I was speaking with another Better Business Bureau colleague, and we were discussing an issue of a new business that opened in the construction industry. Nothing unusual about this, but the owner of the new business was employed by another contractor who went out of business. A complaint was filed against the new business because of the relationship the owner had with his former employer. Many times the new business owner will take on the problem to hopefully create a positive relationship with the customer of the former business. Unfortunately, this sometimes backfires and a hostile relationship develops.
So the question is does the new business owner have any responsibility regarding a warranty for his former employer?
Let’s begin with the original case that the new business owner was an employee of the former business which is no longer doing business. The new owner of this new business didn’t purchase the former business, and he didn’t take on the liabilities, warranties or debt of the now defunct business. This is a totally separate business with no connection with any other business. This owner, therefore, has no responsibility to honor the warranty.
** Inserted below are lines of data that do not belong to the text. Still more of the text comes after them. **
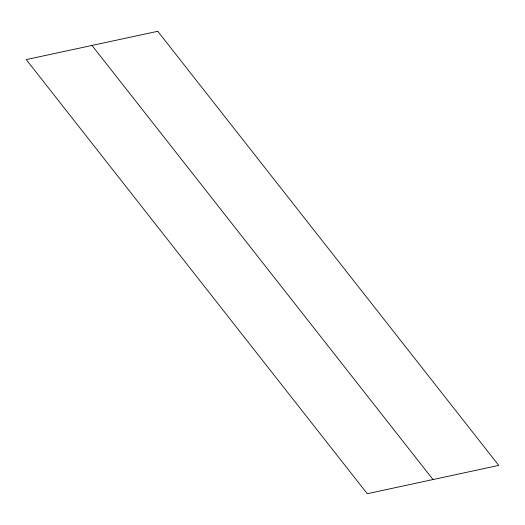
<?xml version="1.0" encoding="UTF-8"?>
<svg xmlns="http://www.w3.org/2000/svg" width="525" height="525" viewBox="0 0 525 525"><rect width="100%" height="100%" fill="white"/><g stroke="black" fill="none" stroke-linecap="round" stroke-linejoin="round"><path stroke-width="0.79" d="M92 45.445L433 479.555M157.749 31.29L26.25 59.601L367.251 493.71L498.75 465.399L157.749 31.29"/></g></svg>
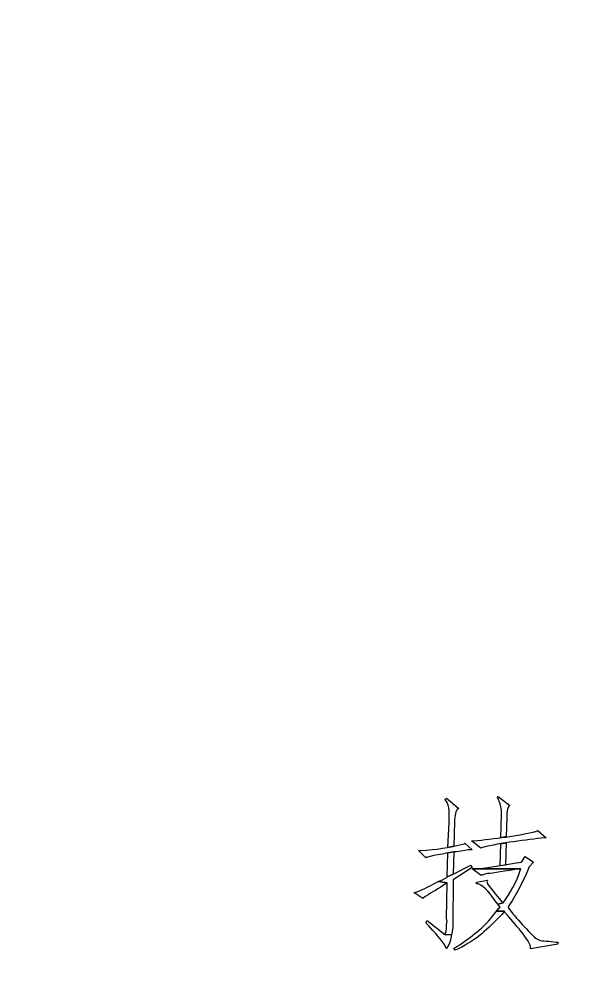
# Model space of a CAD drawing. Header units: centimetres. Extents: x -20.7 to 20.7, y -14.5 to 14.5.
# Drawn here: x -16.438 to -14.521, y -7.137 to -3.782 of the extents above; entities that cross this region are included whole.
import ezdxf

# ---------------------------------------------------------------- set-up
doc = ezdxf.new("R2010")
doc.units = ezdxf.units.CM
doc.header["$MEASUREMENT"] = 0
doc.layers.add('layer 1', color=7, linetype='Continuous')

msp = doc.modelspace()

# ---------------------------------------------------------------- linework, layer by layer
at = {"layer": 'layer 1', "lineweight": 9}
msp.add_open_spline([(19.88612, 13.89874), (19.88612, 13.89874), (-20.11465, 13.89874), (-20.11465, 13.89874), (-20.11465, 13.89874), (-20.11465, 13.89874), (-20.11465, -13.80208), (-20.11465, -13.80208)], degree=3, knots=[0, 0, 0, 0, 0.3333333, 0.3333333, 0.3333333, 0.3333333, 1, 1, 1, 1], dxfattribs=at)
at = {"layer": 'layer 1'}
for points, knots in [([(-14.94998, -6.49746), (-14.94998, -6.49746), (-14.95633, -6.5017), (-14.95633, -6.5017), (-14.95633, -6.5017), (-14.95633, -6.5017), (-14.95422, -6.50381), (-14.95422, -6.50381), (-14.95422, -6.50381), (-14.93591, -6.52424), (-14.94296, -6.55683), (-14.94152, -6.58213), (-14.94152, -6.58213), (-14.94152, -6.58213), (-14.94575, -6.66891), (-14.94575, -6.66891), (-14.94575, -6.66891), (-14.94575, -6.66891), (-14.92458, -6.66468), (-14.92458, -6.66468), (-14.92458, -6.66468), (-14.92458, -6.66468), (-14.92247, -6.5779), (-14.92247, -6.5779), (-14.92247, -6.5779), (-14.92247, -6.5779), (-14.92247, -6.57155), (-14.92247, -6.57155), (-14.92247, -6.57155), (-14.92247, -6.57155), (-14.92035, -6.55673), (-14.92035, -6.55673), (-14.92035, -6.55673), (-14.92035, -6.55673), (-14.91823, -6.54403), (-14.91823, -6.54403), (-14.91823, -6.54403), (-14.91823, -6.54403), (-14.914, -6.53768), (-14.914, -6.53768), (-14.914, -6.53768), (-14.914, -6.53768), (-14.90765, -6.53345), (-14.90765, -6.53345), (-14.90765, -6.53345), (-14.90765, -6.53345), (-14.94998, -6.49746), (-14.94998, -6.49746)], [0, 0, 0, 0, 0.0769231, 0.0769231, 0.0769231, 0.0769231, 0.1538462, 0.1538462, 0.1538462, 0.1538462, 0.2307692, 0.2307692, 0.2307692, 0.2307692, 0.3076923, 0.3076923, 0.3076923, 0.3076923, 0.3846154, 0.3846154, 0.3846154, 0.3846154, 0.4615385, 0.4615385, 0.4615385, 0.4615385, 0.5384615, 0.5384615, 0.5384615, 0.5384615, 0.6153846, 0.6153846, 0.6153846, 0.6153846, 0.6923077, 0.6923077, 0.6923077, 0.6923077, 0.7692308, 0.7692308, 0.7692308, 0.7692308, 0.8461538, 0.8461538, 0.8461538, 0.8461538, 1, 1, 1, 1]), ([(-14.77007, -6.49111), (-14.77007, -6.49111), (-14.7743, -6.49535), (-14.7743, -6.49535), (-14.7743, -6.49535), (-14.7743, -6.49535), (-14.77218, -6.49535), (-14.77218, -6.49535), (-14.77218, -6.49535), (-14.77218, -6.49535), (-14.76372, -6.51651), (-14.76372, -6.51651), (-14.76372, -6.51651), (-14.76372, -6.51651), (-14.7616, -6.5271), (-14.7616, -6.5271), (-14.7616, -6.5271), (-14.7616, -6.5271), (-14.75948, -6.5398), (-14.75948, -6.5398), (-14.75948, -6.5398), (-14.75948, -6.5398), (-14.75948, -6.5525), (-14.75948, -6.5525), (-14.75948, -6.5525), (-14.75948, -6.5525), (-14.7616, -6.63505), (-14.7616, -6.63505), (-14.7616, -6.63505), (-14.7616, -6.63505), (-14.74255, -6.63081), (-14.74255, -6.63081), (-14.74255, -6.63081), (-14.74255, -6.63081), (-14.74043, -6.5652), (-14.74043, -6.5652), (-14.74043, -6.5652), (-14.74043, -6.5652), (-14.74043, -6.54826), (-14.74043, -6.54826), (-14.74043, -6.54826), (-14.74043, -6.54826), (-14.73832, -6.53556), (-14.73832, -6.53556), (-14.73832, -6.53556), (-14.73832, -6.53556), (-14.73408, -6.5271), (-14.73408, -6.5271), (-14.73408, -6.5271), (-14.73408, -6.5271), (-14.72985, -6.52286), (-14.72985, -6.52286), (-14.72985, -6.52286), (-14.72985, -6.52286), (-14.77007, -6.49111), (-14.77007, -6.49111)], [0, 0, 0, 0, 0.0666667, 0.0666667, 0.0666667, 0.0666667, 0.1333333, 0.1333333, 0.1333333, 0.1333333, 0.2, 0.2, 0.2, 0.2, 0.2666667, 0.2666667, 0.2666667, 0.2666667, 0.3333333, 0.3333333, 0.3333333, 0.3333333, 0.4, 0.4, 0.4, 0.4, 0.4666667, 0.4666667, 0.4666667, 0.4666667, 0.5333333, 0.5333333, 0.5333333, 0.5333333, 0.6, 0.6, 0.6, 0.6, 0.6666667, 0.6666667, 0.6666667, 0.6666667, 0.7333333, 0.7333333, 0.7333333, 0.7333333, 0.8, 0.8, 0.8, 0.8, 0.8666667, 0.8666667, 0.8666667, 0.8666667, 1, 1, 1, 1]), ([(-14.63248, -6.60965), (-14.63248, -6.60965), (-14.63672, -6.61176), (-14.63672, -6.61176), (-14.63672, -6.61176), (-14.6999, -6.62877), (-14.78795, -6.63815), (-14.85473, -6.64563), (-14.85473, -6.64563), (-14.85473, -6.64563), (-14.8632, -6.64563), (-14.8632, -6.64563), (-14.8632, -6.64563), (-14.8632, -6.64563), (-14.83145, -6.67103), (-14.83145, -6.67103), (-14.83145, -6.67103), (-14.83145, -6.67103), (-14.8251, -6.66891), (-14.8251, -6.66891), (-14.8251, -6.66891), (-14.76121, -6.65212), (-14.67397, -6.64256), (-14.60708, -6.63505), (-14.60708, -6.63505), (-14.60708, -6.63505), (-14.60285, -6.63505), (-14.60285, -6.63505), (-14.60285, -6.63505), (-14.60285, -6.63505), (-14.63248, -6.60965), (-14.63248, -6.60965)], [0, 0, 0, 0, 0.1111111, 0.1111111, 0.1111111, 0.1111111, 0.2222222, 0.2222222, 0.2222222, 0.2222222, 0.3333333, 0.3333333, 0.3333333, 0.3333333, 0.4444444, 0.4444444, 0.4444444, 0.4444444, 0.5555556, 0.5555556, 0.5555556, 0.5555556, 0.6666667, 0.6666667, 0.6666667, 0.6666667, 0.7777778, 0.7777778, 0.7777778, 0.7777778, 1, 1, 1, 1]), ([(-14.88648, -6.6541), (-14.88648, -6.6541), (-14.8886, -6.65621), (-14.8886, -6.65621), (-14.8886, -6.65621), (-14.94603, -6.67018), (-14.98286, -6.67565), (-15.041, -6.6795), (-15.041, -6.6795), (-15.041, -6.6795), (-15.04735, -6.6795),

Regardless of the length of time for which the warranty specifies, once the business is no longer in operation, consumers have no other recourse, but to look for another business to affect those repairs or provide those services, and begin afresh with the new business relationship.
Again, we’re only considering the case of a business that has gone out of business, has not transferred ownership or sold the business to another person or group. These bring up other issues when a business is sold, and whether the new business also purchased the warranty obligation. This post is limited to workmanship warranty issues and not manufacturers’ warranties.